# Pilgrims Progress Lecture by Derek Thomas



## Backwoods Presbyterian (May 17, 2008)

All,

I went to a Lecture this morning at RPTS (3-hours in length) led by Dr. Derek Thomas of RTS-Jackson on Pilgrim's Progress, and John Bunyan in general. It was unbelievable. Dr. Thomas is a Godly man who really shook some foundations with his great words about the reality of the need for an understanding of conversion and assurance. Best shown in the fact while Christian is converted at the wicked gate he does not drop his burden till the sepulcher. Also I highly recommend you read Part II if you have not. Beautiful stuff. 
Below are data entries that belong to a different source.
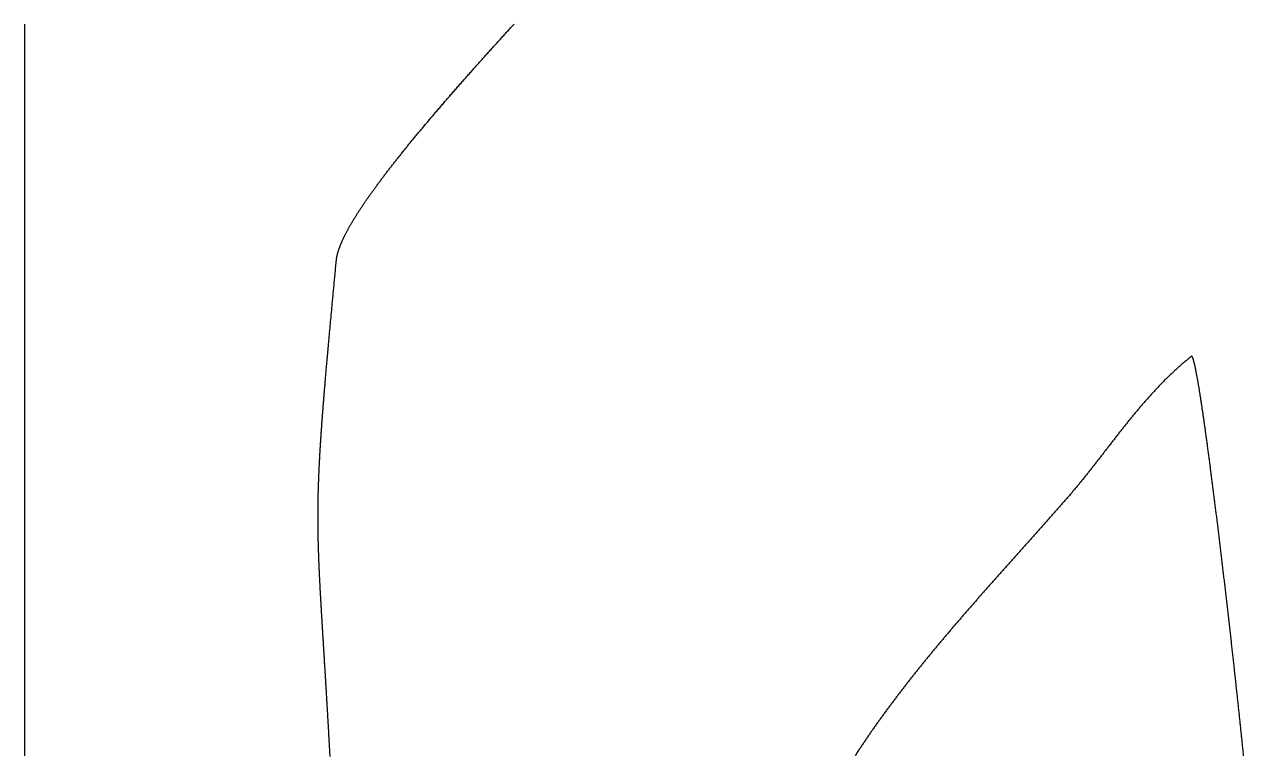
# Model space of a CAD drawing. Header units: metres. Extents: x -49 to 49, y -148 to 148.
# Drawn here: x -49.4 to 12.2, y 36.9 to 73.9 of the extents above; entities that cross this region are included whole.
import ezdxf

# ---------------------------------------------------------------- set-up
doc = ezdxf.new("R2010")
doc.units = ezdxf.units.M

msp = doc.modelspace()

# ---------------------------------------------------------------- linework, layer by layer
for points in [[(-49.402, 73.879), (-49.402, 73.829), (-49.402, 73.779), (-49.402, 73.729), (-49.402, 73.679), (-49.402, 73.629), (-49.402, 73.579), (-49.402, 73.529), (-49.402, 73.479), (-49.402, 73.429), (-49.402, 73.379), (-49.402, 73.329), (-49.402, 73.279), (-49.402, 73.229), (-49.402, 73.179), (-49.402, 73.129), (-49.402, 73.079), (-49.402, 73.029), (-49.402, 72.979), (-49.402, 72.929), (-49.402, 72.879), (-49.402, 72.829), (-49.402, 72.779), (-49.402, 72.729), (-49.402, 72.679), (-49.402, 72.629), (-49.402, 72.579), (-49.402, 72.529), (-49.402, 72.479), (-49.402, 72.429), (-49.402, 72.379), (-49.402, 72.329), (-49.402, 72.279), (-49.402, 72.229), (-49.402, 72.179), (-49.402, 72.129), (-49.402, 72.079), (-49.402, 72.029), (-49.402, 71.979), (-49.402, 71.929), (-49.402, 71.879), (-49.402, 71.829), (-49.402, 71.779), (-49.402, 71.729), (-49.402, 71.679), (-49.402, 71.629), (-49.402, 71.579), (-49.402, 71.529), (-49.402, 71.479), (-49.402, 71.429), (-49.402, 71.379), (-49.402, 71.329), (-49.402, 71.279), (-49.402, 71.229), (-49.402, 71.179), (-49.402, 71.129), (-49.402, 71.079), (-49.402, 71.029), (-49.402, 70.979), (-49.402, 70.929), (-49.402, 70.879), (-49.402, 70.829), (-49.402, 70.779), (-49.402, 70.729), (-49.402, 70.679), (-49.402, 70.629), (-49.402, 70.579), (-49.402, 70.529), (-49.402, 70.479), (-49.402, 70.429), (-49.402, 70.379), (-49.402, 70.329), (-49.402, 70.279), (-49.402, 70.229), (-49.402, 70.179), (-49.402, 70.129), (-49.402, 70.079), (-49.402, 70.029), (-49.402, 69.979), (-49.402, 69.929), (-49.402, 69.879), (-49.402, 69.829), (-49.402, 69.779), (-49.402, 69.729), (-49.402, 69.679), (-49.402, 69.629), (-49.402, 69.579), (-49.402, 69.529), (-49.402, 69.479), (-49.402, 69.429), (-49.402, 69.379), (-49.402, 69.329), (-49.402, 69.279), (-49.402, 69.229), (-49.402, 69.179), (-49.402, 69.129), (-49.402, 69.079), (-49.402, 69.029), (-49.402, 68.979), (-49.402, 68.929), (-49.402, 68.879), (-49.402, 68.829), (-49.402, 68.779), (-49.402, 68.729), (-49.402, 68.679), (-49.402, 68.629), (-49.402, 68.579), (-49.402, 68.529), (-49.402, 68.479), (-49.402, 68.429), (-49.402, 68.379), (-49.402, 68.329), (-49.402, 68.279), (-49.402, 68.229), (-49.402, 68.179), (-49.402, 68.129), (-49.402, 68.079), (-49.402, 68.029), (-49.402, 67.979), (-49.402, 67.929), (-49.402, 67.879), (-49.402, 67.829), (-49.402, 67.779), (-49.402, 67.729), (-49.402, 67.679), (-49.402, 67.629), (-49.402, 67.579), (-49.402, 67.529), (-49.402, 67.479), (-49.402, 67.429), (-49.402, 67.379), (-49.402, 67.329), (-49.402, 67.279), (-49.402, 67.229), (-49.402, 67.179), (-49.402, 67.129), (-49.402, 67.079), (-49.402, 67.029), (-49.402, 66.979), (-49.402, 66.929), (-49.402, 66.879), (-49.402, 66.829), (-49.402, 66.779), (-49.402, 66.729), (-49.402, 66.679), (-49.402, 66.629), (-49.402, 66.579), (-49.402, 66.529), (-49.402, 66.479), (-49.402, 66.429), (-49.402, 66.379), (-49.402, 66.329), (-49.402, 66.279), (-49.402, 66.229), (-49.402, 66.179), (-49.402, 66.129), (-49.402, 66.079), (-49.402, 66.029), (-49.402, 65.979), (-49.402, 65.929), (-49.402, 65.879), (-49.402, 65.829), (-49.402, 65.779), (-49.402, 65.729), (-49.402, 65.679), (-49.402, 65.629), (-49.402, 65.579), (-49.402, 65.529), (-49.402, 65.479), (-49.402, 65.429), (-49.402, 65.379), (-49.402, 65.329), (-49.402, 65.279), (-49.402, 65.229), (-49.402, 65.179), (-49.402, 65.129), (-49.402, 65.079), (-49.402, 65.029), (-49.402, 64.979), (-49.402, 64.929), (-49.402, 64.879), (-49.402, 64.829), (-49.402, 64.779), (-49.402, 64.729), (-49.402, 64.679), (-49.402, 64.629), (-49.402, 64.579), (-49.402, 64.529), (-49.402, 64.479), (-49.402, 64.429), (-49.402, 64.379), (-49.402, 64.329), (-49.402, 64.279), (-49.402, 64.229), (-49.402, 64.179), (-49.402, 64.129), (-49.402, 64.079), (-49.402, 64.029), (-49.402, 63.979), (-49.402, 63.929), (-49.402, 63.879), (-49.402, 63.829), (-49.402, 63.779), (-49.402, 63.729), (-49.402, 63.679), (-49.402, 63.629), (-49.402, 63.579), (-49.402, 63.529), (-49.402, 63.479), (-49.402, 63.429), (-49.402, 63.379), (-49.402, 63.329), (-49.402, 63.279), (-49.402, 63.229), (-49.402, 63.179), (-49.402, 63.129), (-49.402, 63.079), (-49.402, 63.029), (-49.402, 62.979), (-49.402, 62.929), (-49.402, 62.879), (-49.402, 62.829), (-49.402, 62.779), (-49.402, 62.729), (-49.402, 62.679), (-49.402, 62.629), (-49.402, 62.579), (-49.402, 62.529), (-49.402, 62.479), (-49.402, 62.429), (-49.402, 62.379), (-49.402, 62.329), (-49.402, 62.279), (-49.402, 62.229), (-49.402, 62.178), (-49.402, 62.128), (-49.402, 62.078), (-49.402, 62.028), (-49.402, 61.978), (-49.402, 61.928), (-49.402, 61.878), (-49.402, 61.828), (-49.402, 61.778), (-49.402, 61.728), (-49.402, 61.678), (-49.402, 61.628), (-49.402, 61.578), (-49.402, 61.528), (-49.402, 61.478), (-49.402, 61.428), (-49.402, 61.378), (-49.402, 61.328), (-49.402, 61.278), (-49.402, 61.228), (-49.402, 61.178), (-49.402, 61.128), (-49.402, 61.078), (-49.402, 61.028), (-49.402, 60.978), (-49.402, 60.928), (-49.402, 60.878), (-49.402, 60.828), (-49.402, 60.778), (-49.402, 60.728), (-49.402, 60.678), (-49.402, 60.628), (-49.402, 60.578), (-49.402, 60.528), (-49.402, 60.478), (-49.402, 60.428), (-49.402, 60.378), (-49.402, 60.328), (-49.402, 60.278), (-49.402, 60.228), (-49.402, 60.178), (-49.402, 60.128), (-49.402, 60.078), (-49.402, 60.028), (-49.402, 59.978), (-49.402, 59.928), (-49.402, 59.878), (-49.402, 59.828), (-49.402, 59.778), (-49.402, 59.728), (-49.402, 59.678), (-49.402, 59.628), (-49.402, 59.578), (-49.402, 59.528), (-49.402, 59.478), (-49.402, 59.428), (-49.402, 59.378), (-49.402, 59.328), (-49.402, 59.278), (-49.402, 59.228), (-49.402, 59.178), (-49.402, 59.128), (-49.402, 59.078), (-49.402, 59.028), (-49.402, 58.978), (-49.402, 58.928), (-49.402, 58.878), (-49.402, 58.828), (-49.402, 58.778), (-49.402, 58.728), (-49.402, 58.678), (-49.402, 58.628), (-49.402, 58.578), (-49.402, 58.528), (-49.402, 58.478), (-49.402, 58.428), (-49.402, 58.378), (-49.402, 58.328), (-49.402, 58.278), (-49.402, 58.228), (-49.402, 58.178), (-49.402, 58.128), (-49.402, 58.078), (-49.402, 58.028), (-49.402, 57.978), (-49.402, 57.928), (-49.402, 57.878), (-49.402, 57.828), (-49.402, 57.778), (-49.402, 57.728), (-49.402, 57.678), (-49.402, 57.628), (-49.402, 57.578), (-49.402, 57.528), (-49.402, 57.478), (-49.402, 57.428), (-49.402, 57.378), (-49.402, 57.328), (-49.402, 57.278), (-49.402, 57.228), (-49.402, 57.178), (-49.402, 57.128), (-49.402, 57.078), (-49.402, 57.028), (-49.402, 56.978), (-49.402, 56.928), (-49.402, 56.878), (-49.402, 56.828), (-49.402, 56.778), (-49.402, 56.728), (-49.402, 56.678), (-49.402, 56.628), (-49.402, 56.578), (-49.402, 56.528), (-49.402, 56.478), (-49.402, 56.428), (-49.402, 56.378), (-49.402, 56.328), (-49.402, 56.278), (-49.402, 56.228), (-49.402, 56.178), (-49.402, 56.128), (-49.402, 56.078), (-49.402, 56.028), (-49.402, 55.978), (-49.402, 55.928), (-49.402, 55.878), (-49.402, 55.828), (-49.402, 55.778), (-49.402, 55.728), (-49.402, 55.678), (-49.402, 55.628), (-49.402, 55.578), (-49.402, 55.528), (-49.402, 55.478), (-49.402, 55.428), (-49.402, 55.378), (-49.402, 55.328), (-49.402, 55.278), (-49.402, 55.228), (-49.402, 55.178), (-49.402, 55.128), (-49.402, 55.078), (-49.402, 55.028), (-49.402, 54.978), (-49.402, 54.928), (-49.402, 54.878), (-49.402, 54.828), (-49.402, 54.778), (-49.402, 54.728), (-49.402, 54.678), (-49.402, 54.628), (-49.402, 54.578), (-49.402, 54.528), (-49.402, 54.478), (-49.402, 54.428), (-49.402, 54.378), (-49.402, 54.328), (-49.402, 54.278), (-49.402, 54.228), (-49.402, 54.178), (-49.402, 54.128), (-49.402, 54.078), (-49.402, 54.028), (-49.402, 53.978), (-49.402, 53.928), (-49.402, 53.878), (-49.402, 53.828), (-49.402, 53.778), (-49.402, 53.728), (-49.402, 53.678), (-49.402, 53.628), (-49.402, 53.578), (-49.402, 53.528), (-49.402, 53.478), (-49.402, 53.428), (-49.402, 53.378), (-49.402, 53.328), (-49.402, 53.278), (-49.402, 53.228), (-49.402, 53.178), (-49.402, 53.128), (-49.402, 53.078), (-49.402, 53.028), (-49.402, 52.978), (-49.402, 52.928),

They did record it on MP3 so I do not know if/when it will be available but I'll be on the lookout for it. 

Major


----------



## turmeric (May 17, 2008)

Love Part II! I think it's supposed to represent a congregation.


----------



## Reformed Covenanter (May 17, 2008)

I was friends with Derek Thomas's son-in-law a while back. Haven't seen him for a couple of years. He is a fine preacher, who laboured for many years in Belfast.


----------



## Presbyterian Deacon (May 17, 2008)

turmeric said:


> Love Part II! I think it's supposed to represent a congregation.



It is interesting to look at, and consider the differences in the journeys of Christiana and her children, compared to the experiences of Christian in part one.


----------



## bookslover (May 17, 2008)

Spurgeon once said he'd read _The Pilgrim's Progress_ about a hundred times. Not hard to understand why.


----------



## SueS (May 18, 2008)

We get the RPTS news e-letter - problem is, it always seems to arrive at the computer either late for an event or the day before so there is no way we can attend. Our pastor knows Derek Thomas personally and would have loved to attend. Anyway, glad you were able to go and I hope they do offer mp3's - it sounds like it would be well worth getting one.


----------



## Backwoods Presbyterian (May 31, 2008)

I promised when the lectures became available I would post them here so here they are:
Reformation Society of Pittsburgh A local chapter of the Alliance of Confessing Evangelicals


----------



## JM (Jul 20, 2008)

Thank you.

I just found a sermon series to add to the thread : http://www.sermonsfortoday.org/browse_sermons/sermonsInSeries.php?series=3


----------